Photo by Carissa Woytach

Berkman now lives at The 9 on East Ninth Street, but is going to move back into a house so he has more room to entertain.

 

February 29, 2016

CSU Foundation to buy President Berkman
new house for entertaining large groups

The CSU Foundation will be buying President Ronald Berkman a new house, following his appeal to the board that his current apartment is too small to entertain.


After living in his more than $3,000 a month apartment in The 9, 2017 East Ninth St. for just over a year — moving there after selling his Shaker Heights home in 2014 — President Berkman has found the space too small to comfortably and privately engage with large groups in the open-floor-plan suite.


Rob Spademan, chief marketing officer, and William Dube, director of communications and media relations, explained the decision and factors that the CSU Foundation took into account before taking to the real estate market.


“[If] you follow what was going on in the city at the time there was a lot of nice apartments coming into the market, so the thought was that he would be in the city, that [it] would be good to be part of the city and be able to entertain and so forth, and there’d be some nice synergy there,” Spademan said. “What has happened, after working with it awhile, is that the apartment is really too small — it’s great for a group of six, but if you go beyond that it starts to create issues and problems.”


“Over time, particularly with the fund-raising campaign starting up, [the apartment] has proven to be no longer logistically feasible for the types of entertaining that are required for the president of a large university such as Cleveland State,” Dube explained. “[So,] the decision was made to look at other facilities both for this president and for future presidents of Cleveland State as an asset to the university.”


According to Spademan, after a residence has been found, the CSU Foundation will pay the mortgage on the new house and then lease it back to the university. While no budget has been set, he projected that it would be similar in cost to the Shaker Heights home without renovations.


Both Spademan and Dube also stressed that the money going into the new house was not coming out of tax dollars or tuition.


“It’s nobody’s tuition money — the foundation is a separate non-profit corporation in the university,” Spademan said. “It’s the foundation that’s going to take out a mortgage when we find a home and then lease that back to the university. So the university will still pay rent, like they’re paying for the apartment the president has…[and] then they’ll pay back the mortgage and be kind of a neutral thing.”


The move from the Shaker Heights house to the apartment saved an estimated $92,000 a year, money that was not spent another way, according to Spademan. While the president’s cost of living decreased with the 2014 move, the budget was not adjusted.
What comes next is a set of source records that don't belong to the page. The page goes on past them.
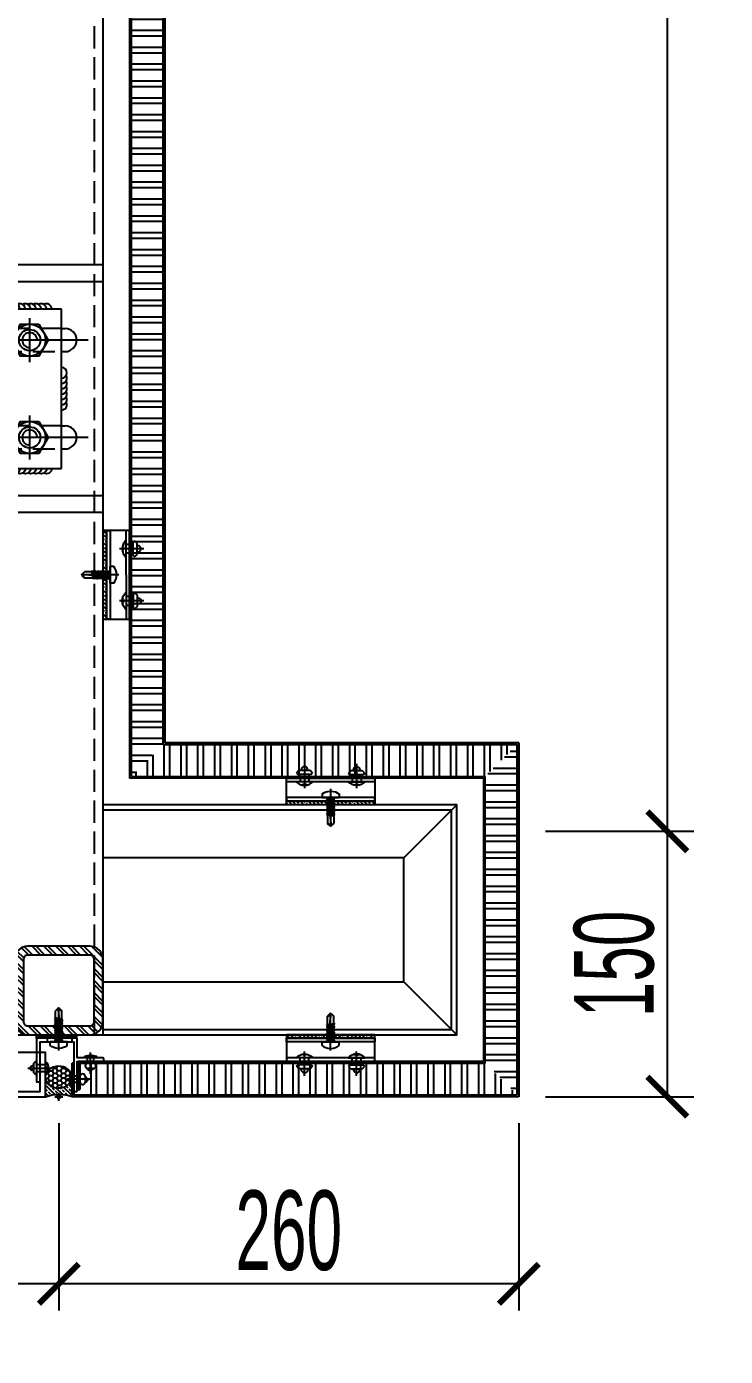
# Model space of a CAD drawing. Extents: x -8792 to 174344, y -43961 to 62816.
# Drawn here: x 15008 to 15403, y -10340 to -9588 of the extents above; entities that cross this region are included whole.
import ezdxf
from ezdxf.xclip import XClip

# ---------------------------------------------------------------- set-up
doc = ezdxf.new("R2010")
doc.units = 0
doc.header["$LTSCALE"] = 50
doc.header["$XCLIPFRAME"] = 0
for name, pattern in [('CENTER', [2, 1.25, -0.25, 0.25, -0.25]), ('CENTER2', [28.575, 19.05, -3.175, 3.175, -3.175]), ('DASH', [0.35, 0.25, -0.1]), ('DIVIDE', [1.25, 0.5, -0.25, 0, -0.25, 0, -0.25]), ('DOT2', [0.125, 0, -0.125]), ('HIDDEN', [0.375, 0.25, -0.125]), ('HIDDEN2', [0.1875, 0.125, -0.0625]), ('JIS_08_15', [17.25, 15, -0.75, 0.75, -0.75])]:
    doc.linetypes.add(name, pattern=pattern)
for name, color, linetype in [('#分隔线', 1, 'JIS_08_15'), ('#焊缝', 1, 'Continuous'), ('#虚线', 8, 'HIDDEN'), ('#配件', 11, 'Continuous'), ('#钢材', 34, 'Continuous'), ('#铝型材', 3, 'Continuous'), ('#铝板', 2, 'Continuous'), ('0-焊缝', 10, 'Continuous'), ('1 轴线 辅助线', 1, 'CENTER'), ('6 附件', 6, 'Continuous'), ('8 填充 焊缝', 8, 'Continuous'), ('A-FLOR-OTLN', 4, 'DOT2'), ('DIM', 173, 'Continuous'), ('GASKET', 150, 'Continuous'), ('hat', 8, 'Continuous'), ('PJ', 4, 'Continuous'), ('STEEL', 34, 'Continuous'), ('TC', 251, 'Continuous'), ('XC', 3, 'Continuous'), ('中心线', 1, 'CENTER2'), ('其他', 4, 'Continuous'), ('吊顶', 7, 'Continuous'), ('螺栓钉类', 241, 'Continuous'), ('螺钉', 233, 'Continuous'), ('铝板', 2, 'Continuous')]:
    doc.layers.add(name, color=color, linetype=linetype)
doc.styles.add('JHZX', font='jrs.shx', dxfattribs={"width": 0.6, "bigfont": 'jhz.shx'})
doc.dimstyles.new('JZBZ-15', dxfattribs={"dimscale": 15, "dimtxt": 3, "dimasz": 1.5, "dimexe": 1, "dimexo": 1, "dimgap": 0.5, "dimtad": 1, "dimdec": 0, "dimdsep": 46, "dimtxsty": 'JHZX', "dimblk1": 'ARCHTICK', "dimblk2": 'ARCHTICK', "dimsah": 1, "dimcen": 0, "dimclrd": 1, "dimclre": 1, "dimclrt": 2, "dimadec": 3, "dimazin": 2, "dimtfac": 1, "dimtdec": 0, "dimtix": 1, "dimtmove": 0, "dimatfit": 3, "dimfxl": 0, "dimtolj": 1, "dimlwd": -1, "dimlwe": -1, "dimarcsym": 0})

# ---------------------------------------------------------------- blocks, each defined once
blk = doc.blocks.new('A$Cbd8d7c8c')
at = {"layer": 'A-FLOR-OTLN', "color": 8}
blk.add_lwpolyline([(-22721.25, -15689.87), (-43719.42, -33393.16, 0.413756), (-43991.61, -36560.98, 0.189672), (122158.17, -126683.04, 0.414786), (124666.02, -124719.49), (133885.17, -48361.88, 0.379931), (116453.25, -23207.95, 0.236452)], format="xyb", dxfattribs=at)
at = {"layer": '吊顶', "const_width": 3}
blk.add_lwpolyline([(36525.16, -42886.24, 0.056654), (31389.8, -41079.32), (30859.09, -40957.78, -0.112536), (21289.45, -36343.72, -0.028917), (3039.01, -19971.01, 0.413532), (-633.62, -19953.38), (-31397.94, -50352.84, 0.414781), (-31416.33, -54033.31, 0.170492), (123964.28, -129414.71, 0.412564), (126841.18, -127143.22), (136317.5, -48655.55, 1.269195), (87076.8, -54393.32)], format="xyb", dxfattribs=at)
blk = doc.blocks.new('A$C09E84542')
at = {"layer": 'hat', "ltscale": 40}
h = blk.add_hatch(dxfattribs=at)
h.set_pattern_fill('ANSI32', color=256)
h.set_pattern_definition([(45, (-2275958.3055, 205986.951), (-3.367596045, 3.367596045), []), (45, (-2275956.0605, 205986.951), (-3.367596045, 3.367596045), [])])
edge = h.paths.add_edge_path()
edge.add_arc((-17.5, -42.5), 7.5, 180, 270, ccw=False)
edge.add_line((-25, -42.5), (-25, -7.5))
edge.add_arc((-17.5, -7.5), 7.5, 90, 180, ccw=False)
edge.add_line((-17.5, 0), (17.5, 0))
edge.add_arc((17.5, -7.5), 7.5, 0, 90, ccw=False)
edge.add_line((25, -7.5), (25, -42.5))
edge.add_arc((17.5, -42.5), 7.5, -90, 0, ccw=False)
edge.add_line((17.5, -50), (-17.5, -50))
edge = h.paths.add_edge_path(flags=16)
edge.add_arc((-17.5, -42.5), 2.5, 180, 270, ccw=False)
edge.add_line((-20, -42.5), (-20, -7.5))
edge.add_arc((-17.5, -7.5), 2.5, 90, 180, ccw=False)
edge.add_line((-17.5, -5), (17.5, -5))
edge.add_arc((17.5, -7.5), 2.5, 0, 90, ccw=False)
edge.add_line((20, -7.5), (20, -42.5))
edge.add_arc((17.5, -42.5), 2.5, -90, 0, ccw=False)
edge.add_line((17.5, -45), (-17.5, -45))
at = {"layer": 'STEEL', "ltscale": 40}
for points in [[(-17.5, -50, -0.414214), (-25, -42.5), (-25, -7.5, -0.414214), (-17.5, 0), (17.5, 0, -0.414214), (25, -7.5), (25, -42.5, -0.414214), (17.5, -50)], [(-17.5, -45, -0.414214), (-20, -42.5), (-20, -7.5, -0.414214), (-17.5, -5), (17.5, -5, -0.414214), (20, -7.5), (20, -42.5, -0.414214), (17.5, -45)]]:
    blk.add_lwpolyline(points, format="xyb", close=True, dxfattribs=at)
blk = doc.blocks.new('*U329')
at = {"layer": '#分隔线', "ltscale": 0.3}
blk.add_line((-10.15, 0), (3.6, 0), dxfattribs=at)
at = {"layer": '#配件', "linetype": 'ByBlock'}
for p, q in [((-4.74, 4.58), (-6.3, 3.2)), ((-6.3, 3.2), (-6.3, 0)), ((-6.3, 0), (-6.3, -3.2)), ((-4.01, 3.76), (-4.74, 4.58)), ((-4.01, 3.76), (-4.01, -3.76)), ((-4.01, 2.5), (0, 2.5)), ((0, 4.78), (0, -4.78)), ((-6.3, -3.2), (-4.74, -4.58)), ((-4.74, -4.58), (-4.01, -3.76)), ((-4.01, -2.5), (0, -2.5))]:
    blk.add_line(p, q, dxfattribs=at)
for centre, radius, start, end in [((-6.78, 0), 1.75, 74.13042, 285.86958), ((-4.33, 0), 6.45, 312.19623, 47.80377), ((4.55, 0), 3.05, 149.43291, 210.56709)]:
    blk.add_arc(centre, radius, start, end, dxfattribs=at)
blk = doc.blocks.new('*U326')
at = {"layer": '中心线', "color": 1, "linetype": 'CENTER', "ltscale": 2.357948}
blk.add_line((0, -4.91), (0, 16.39), dxfattribs=at)
at = {"layer": '其他', "color": 4, "linetype": 'Continuous'}
for p, q in [((-2.4, 9.26), (-0.39, 9.55)), ((-2.4, 7.66), (2.4, 8.34)), ((-1.79, 9.61), (-0.37, 9.88)), ((-1.79, 8.91), (0, 9.25)), ((-1.79, 8.01), (1.79, 8.69)), ((-1.79, 7.31), (1.79, 7.99)), ((0.23, 9.29), (1.79, 9.59)), ((0.34, 10.02), (1.79, 10.29)), ((0.48, 9.67), (2.4, 9.94)), ((-2.4, 6.06), (2.4, 6.74)), ((-2.4, 4.46), (2.4, 5.14)), ((-2.4, 2.86), (2.4, 3.54)), ((-2.4, 1.26), (2.4, 1.94)), ((-1.87, 0), (1.79, 0.69)), ((-1.79, 6.41), (1.79, 7.09)), ((-1.79, 5.71), (1.79, 6.39)), ((-1.79, 4.81), (1.79, 5.49)), ((-1.79, 4.11), (1.79, 4.79)), ((-1.79, 3.21), (1.79, 3.89)), ((-1.79, 2.51), (1.79, 3.19)), ((-1.79, 1.61), (1.79, 2.29)), ((-1.79, 0.91), (1.79, 1.59)), ((0, 0), (2.4, 0.34))]:
    blk.add_line(p, q, dxfattribs=at)
at = {"layer": '螺栓钉类', "color": 241, "linetype": 'Continuous'}
for p, q in [((-0.3, 16), (-1.79, 14.51)), ((-0.37, 9.88), (0.3, 16)), ((0, 16), (-0.3, 16)), ((0, 16), (0.3, 16)), ((0.3, 16), (1.79, 14.51)), ((-2.4, 9.26), (-1.79, 9.61)), ((-2.4, 9.26), (-1.79, 8.91)), ((-2.4, 7.66), (-1.79, 8.01)), ((-2.4, 7.66), (-1.79, 7.31)), ((-1.79, 9.61), (-1.79, 14.51)), ((-1.79, 8.01), (-1.79, 8.91)), ((1.79, 10.29), (1.79, 14.51)), ((1.79, 10.29), (2.4, 9.94)), ((1.79, 9.59), (2.4, 9.94)), ((1.79, 8.69), (1.79, 9.59)), ((1.79, 8.69), (2.4, 8.34)), ((1.79, 7.99), (2.4, 8.34)), ((1.79, 7.09), (1.79, 7.99)), ((-4.75, -2.14), (-4.75, 0)), ((-4.75, 0), (-1.99, 0)), ((-2.4, 6.06), (-1.79, 6.41)), ((-2.4, 6.06), (-1.79, 5.71)), ((-2.4, 4.46), (-1.79, 4.81)), ((-2.4, 4.46), (-1.79, 4.11)), ((-2.4, 2.86), (-1.79, 3.21)), ((-2.4, 2.86), (-1.79, 2.51)), ((-2.4, 1.26), (-1.79, 1.61)), ((-2.4, 1.26), (-1.79, 0.91)), ((-1.99, 0), (2.6, 0)), ((-1.79, 6.41), (-1.79, 7.31)), ((-1.79, 4.81), (-1.79, 5.71)), ((-1.79, 3.21), (-1.79, 4.11)), ((-1.79, 1.61), (-1.79, 2.51)), ((-1.79, 0.2), (-1.79, 0.91)), ((1.79, 7.09), (2.4, 6.74)), ((1.79, 6.39), (2.4, 6.74)), ((1.79, 5.49), (1.79, 6.39)), ((1.79, 5.49), (2.4, 5.14)), ((1.79, 4.79), (2.4, 5.14)), ((1.79, 3.89), (1.79, 4.79)), ((1.79, 3.89), (2.4, 3.54)), ((1.79, 3.19), (2.4, 3.54)), ((1.79, 2.29), (1.79, 3.19)), ((1.79, 2.29), (2.4, 1.94)), ((1.79, 1.59), (2.4, 1.94)), ((1.79, 0.69), (1.79, 1.59)), ((1.79, 0.69), (2.4, 0.34)), ((2.4, 0.2), (2.4, 0.34)), ((2.6, 0), (4.75, 0)), ((-0.4, -3.3), (0.4, -3.3)), ((-0.4, -3.69), (-0.4, -3.3)), ((0.4, -3.69), (0.4, -3.3)), ((4.75, -2.14), (4.75, 0))]:
    blk.add_line(p, q, dxfattribs=at)
for centre, radius, start, end in [((-3.34, 18.9), 4.65, 289.46799, 321.50356), ((0.04, 9.69), 0.447, 154.93277, 46.40998), ((-1.99, 0.2), 0.2, 270, 0), ((2.6, 0.2), 0.2, 180, 270), ((0, 4.3), 8, 233.57643, 267.13402), ((0, 4.3), 8, 272.86598, 306.42357)]:
    blk.add_arc(centre, radius, start, end, dxfattribs=at)
blk = doc.blocks.new('A$C11e1ca40')
at = {"layer": 'GASKET'}
h = blk.add_hatch(dxfattribs=at)
h.set_pattern_fill('ANSI33', color=256, scale=0.5, double=1)
h.set_pattern_definition([(45, (-13726.6846, -3571.859), (-2.245064, 2.245064), []), (45, (-13724.4395, -3571.859), (-2.245064, 2.245064), [1.5875, -0.79375])])
h.paths.add_polyline_path([(-25, -2), (25, -2), (25, 0), (-25, 0)])
blk.add_lwpolyline([(-25, -2), (25, -2), (25, 0), (-25, 0), (-25, -2)], dxfattribs=at)
at = {"layer": 'XC'}
for points in [[(-25, -15), (25, -15), (25, -2), (-25, -2)], [(25, -4), (-25, -4), (-25, -2), (25, -2)]]:
    blk.add_lwpolyline(points, close=True, dxfattribs=at)
for points in [[(25, -4), (-25, -4)], [(25, -13), (-25, -13)]]:
    blk.add_lwpolyline(points, dxfattribs=at)
at = {"layer": '6 附件', "xscale": -1, "rotation": 270}
blk.add_blockref('*U329', (-14.72, -13), dxfattribs=at)
at = {"layer": '6 附件', "rotation": 90}
blk.add_blockref('*U329', (14.72, -13), dxfattribs=at)
at = {"layer": '螺栓钉类'}
blk.add_blockref('*U326', (0, -4, 0), dxfattribs=at)
blk = doc.blocks.new('*U287')
at = {"layer": '#分隔线', "ltscale": 0.3}
blk.add_line((9.91, 0), (-2.88, 0), dxfattribs=at)
at = {"layer": '#配件', "linetype": 'ByBlock'}
for p, q in [((0, 3.82), (0, -3.82)), ((5, 2), (0, 2)), ((5, 2), (5, 3)), ((5, -2), (0, -2)), ((5, -3), (5, -2))]:
    blk.add_line(p, q, dxfattribs=at)
blk.add_lwpolyline([(5, 3), (5.58, 3.67), (6.83, 2.56), (6.83, 0), (6.83, -2.56), (5.58, -3.67), (5, -3)], dxfattribs=at)
for centre, radius, start, end in [((3.47, 0), 5.16, 132.19623, 227.80377), ((-3.64, 0), 2.44, 329.43291, 30.56709), ((7.22, 0), 1.4, 254.13042, 105.86958)]:
    blk.add_arc(centre, radius, start, end, dxfattribs=at)
blk = doc.blocks.new('*U104')
at = {"layer": '中心线', "color": 1, "linetype": 'CENTER', "ltscale": 2.357948}
blk.add_line((0, -4.91), (0, 19.39), dxfattribs=at)
at = {"layer": '其他', "color": 4, "linetype": 'Continuous'}
for p, q in [((-2.4, 12.46), (-0.39, 12.75)), ((-2.4, 10.86), (2.4, 11.54)), ((-2.4, 9.26), (2.4, 9.94)), ((-2.4, 7.66), (2.4, 8.34)), ((-1.79, 12.81), (-0.37, 13.08)), ((-1.79, 12.11), (0, 12.45)), ((-1.79, 11.21), (1.79, 11.89)), ((-1.79, 10.51), (1.79, 11.19)), ((-1.79, 9.61), (1.79, 10.29)), ((-1.79, 8.91), (1.79, 9.59)), ((-1.79, 8.01), (1.79, 8.69)), ((-1.79, 7.31), (1.79, 7.99)), ((0.23, 12.49), (1.79, 12.79)), ((0.34, 13.22), (1.79, 13.49)), ((0.48, 12.87), (2.4, 13.14)), ((-2.4, 6.06), (2.4, 6.74)), ((-2.4, 4.46), (2.4, 5.14)), ((-2.4, 2.86), (2.4, 3.54)), ((-2.4, 1.26), (2.4, 1.94)), ((-1.87, 0), (1.79, 0.69)), ((-1.79, 6.41), (1.79, 7.09)), ((-1.79, 5.71), (1.79, 6.39)), ((-1.79, 4.81), (1.79, 5.49)), ((-1.79, 4.11), (1.79, 4.79)), ((-1.79, 3.21), (1.79, 3.89)), ((-1.79, 2.51), (1.79, 3.19)), ((-1.79, 1.61), (1.79, 2.29)), ((-1.79, 0.91), (1.79, 1.59)), ((0, 0), (2.4, 0.34))]:
    blk.add_line(p, q, dxfattribs=at)
at = {"layer": '螺栓钉类', "linetype": 'Continuous'}
for p, q in [((-0.3, 19), (-1.79, 17.51)), ((-1.79, 12.81), (-1.79, 17.51)), ((-0.37, 13.08), (0.3, 19)), ((0, 19), (-0.3, 19)), ((0, 19), (0.3, 19)), ((0.3, 19), (1.79, 17.51)), ((1.79, 13.49), (1.79, 17.51)), ((-2.4, 12.46), (-1.79, 12.81)), ((-2.4, 12.46), (-1.79, 12.11)), ((-2.4, 10.86), (-1.79, 11.21)), ((-2.4, 10.86), (-1.79, 10.51)), ((-2.4, 9.26), (-1.79, 9.61)), ((-2.4, 9.26), (-1.79, 8.91)), ((-2.4, 7.66), (-1.79, 8.01)), ((-2.4, 7.66), (-1.79, 7.31)), ((-1.79, 11.21), (-1.79, 12.11)), ((-1.79, 9.61), (-1.79, 10.51)), ((-1.79, 8.01), (-1.79, 8.91)), ((1.79, 13.49), (2.4, 13.14)), ((1.79, 12.79), (2.4, 13.14)), ((1.79, 11.89), (1.79, 12.79)), ((1.79, 11.89), (2.4, 11.54)), ((1.79, 11.19), (2.4, 11.54)), ((1.79, 10.29), (1.79, 11.19)), ((1.79, 10.29), (2.4, 9.94)), ((1.79, 9.59), (2.4, 9.94)), ((1.79, 8.69), (1.79, 9.59)), ((1.79, 8.69), (2.4, 8.34)), ((1.79, 7.99), (2.4, 8.34)), ((1.79, 7.09), (1.79, 7.99)), ((-4.75, -2.14), (-4.75, 0)), ((-4.75, 0), (-1.99, 0)), ((-2.4, 6.06), (-1.79, 6.41)), ((-2.4, 6.06), (-1.79, 5.71)), ((-2.4, 4.46), (-1.79, 4.81)), ((-2.4, 4.46), (-1.79, 4.11)), ((-2.4, 2.86), (-1.79, 3.21)), ((-2.4, 2.86), (-1.79, 2.51)), ((-2.4, 1.26), (-1.79, 1.61)), ((-2.4, 1.26), (-1.79, 0.91)), ((-1.99, 0), (2.6, 0)), ((-1.79, 6.41), (-1.79, 7.31)), ((-1.79, 4.81), (-1.79, 5.71)), ((-1.79, 3.21), (-1.79, 4.11)), ((-1.79, 1.61), (-1.79, 2.51)), ((-1.79, 0.2), (-1.79, 0.91)), ((1.79, 7.09), (2.4, 6.74)), ((1.79, 6.39), (2.4, 6.74)), ((1.79, 5.49), (1.79, 6.39)), ((1.79, 5.49), (2.4, 5.14)), ((1.79, 4.79), (2.4, 5.14)), ((1.79, 3.89), (1.79, 4.79)), ((1.79, 3.89), (2.4, 3.54)), ((1.79, 3.19), (2.4, 3.54)), ((1.79, 2.29), (1.79, 3.19)), ((1.79, 2.29), (2.4, 1.94)), ((1.79, 1.59), (2.4, 1.94)), ((1.79, 0.69), (1.79, 1.59)), ((1.79, 0.69), (2.4, 0.34)), ((2.4, 0.2), (2.4, 0.34)), ((2.6, 0), (4.75, 0)), ((-0.4, -3.3), (0.4, -3.3)), ((-0.4, -3.69), (-0.4, -3.3)), ((0.4, -3.69), (0.4, -3.3)), ((4.75, -2.14), (4.75, 0))]:
    blk.add_line(p, q, dxfattribs=at)
for centre, radius, start, end in [((-3.34, 21.9), 4.65, 289.46799, 321.50356), ((0.04, 12.89), 0.447, 154.84909, 46.49366), ((-1.99, 0.2), 0.2, 270, 0), ((2.6, 0.2), 0.2, 180, 270), ((0, 4.3), 8, 233.57643, 267.13402), ((0, 4.3), 8, 272.86598, 306.42357)]:
    blk.add_arc(centre, radius, start, end, dxfattribs=at)
blk = doc.blocks.new('jfdm')
h = blk.add_hatch()
h.set_pattern_fill('HONEY', color=0, scale=0.5, style=0)
h.set_pattern_definition([(0, (3e-15, -1.231), (2.38125, 1.374815), [1.5875, -3.175]), (120, (3e-15, -1.231), (-2.38125, 1.374815), [1.5875, -3.175]), (60, (3e-15, -1.231), (3e-07, 2.74963), [-3.175, 1.5875])])
edge = h.paths.add_edge_path()
edge.add_ellipse((7.5, 13.77), major_axis=(0, -7.7), ratio=0.974135, start_angle=0, end_angle=360)
h = blk.add_hatch()
h.set_pattern_fill('ANSI33', color=0, scale=0.5, style=0)
edge = h.paths.add_edge_path()
edge.add_line((7.58, 6.07), (7.5, 6.07))
edge.add_line((7.5, 6.07), (7.38, 6.07))
edge.add_line((7.38, 6.07), (7.26, 6.08))
edge.add_line((7.26, 6.08), (7.14, 6.08))
edge.add_line((7.14, 6.08), (7.02, 6.09))
edge.add_line((7.02, 6.09), (6.9, 6.1))
edge.add_line((6.9, 6.1), (6.78, 6.11))
edge.add_line((6.78, 6.11), (6.66, 6.12))
edge.add_line((6.66, 6.12), (6.55, 6.13))
edge.add_line((6.55, 6.13), (6.43, 6.15))
edge.add_line((6.43, 6.15), (6.31, 6.17))
edge.add_line((6.31, 6.17), (6.19, 6.19))
edge.add_line((6.19, 6.19), (6.07, 6.21))
edge.add_line((6.07, 6.21), (5.96, 6.24))
edge.add_line((5.96, 6.24), (5.84, 6.26))
edge.add_line((5.84, 6.26), (5.72, 6.29))
edge.add_line((5.72, 6.29), (5.61, 6.32))
edge.add_line((5.61, 6.32), (5.49, 6.35))
edge.add_line((5.49, 6.35), (5.38, 6.39))
edge.add_line((5.38, 6.39), (5.26, 6.42))
edge.add_line((5.26, 6.42), (5.15, 6.46))
edge.add_line((5.15, 6.46), (5.04, 6.5))
edge.add_line((5.04, 6.5), (4.92, 6.54))
edge.add_line((4.92, 6.54), (4.81, 6.58))
edge.add_line((4.81, 6.58), (4.7, 6.63))
edge.add_line((4.7, 6.63), (4.59, 6.68))
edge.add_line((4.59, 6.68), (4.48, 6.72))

According to Spademan, the new house will not cost the university any more money than it had previously budgeted for the fiscal year.


The hope, according to Dube, is that this house will become a valuable holding for the university, long after President Berkman’s tenure has ceased.


“The plan is that this will be a long-term asset for the university, the additional presidents will use on top of President Berkman,” Dube said.


“It’s a long-term investment for the university and not just something for the current president,” he continued.
Living accommodations are part of Berkman’s contract with Cleveland State, a standard practice among many universities.


Other public Ohio universities including Kent State and Bowling Green, spent between $600,000 to over $900,000 on homes for their presidents.


Sixty percent of four-year public universities providing housing, with the rest offering a housing allowance, according to The Council of Independent Colleges.


For Berkman, other contract items — beyond his $450,000 yearly salary — include a $1,000/month automobile allowance, six weeks of paid vacation per fiscal year and annual performance bonuses.


There is no deadline for the president’s relocation, taking into account fluctuations in the housing market and the president’s entertaining needs will take time to find a suitable house.


“Right now the process [includes] investigating different options based on the market and based on the type of home [that] will meet our needs,” Dube said.


“The hope is to stay as close to campus as possible, preferably in the city of Cleveland, but that will be based on the market and the opportunities that are available,” he continued.


Emily Halasah, Student Government Association president and student representative for the CSU Foundation, relates many of the frustrations that other students and Cleveland residents have been venting online in conjunction with the Cleveland.com news and opinion articles.


“This issue is complex,” she wrote in a statement to The Cleveland Stater. “Essentially, this is being paid out of the foundation board’s budget, which is privately raised money. It is important to note that these are not student dollars. However, I do think finding a new house for President Berkman can be done more conservatively and tactfully.”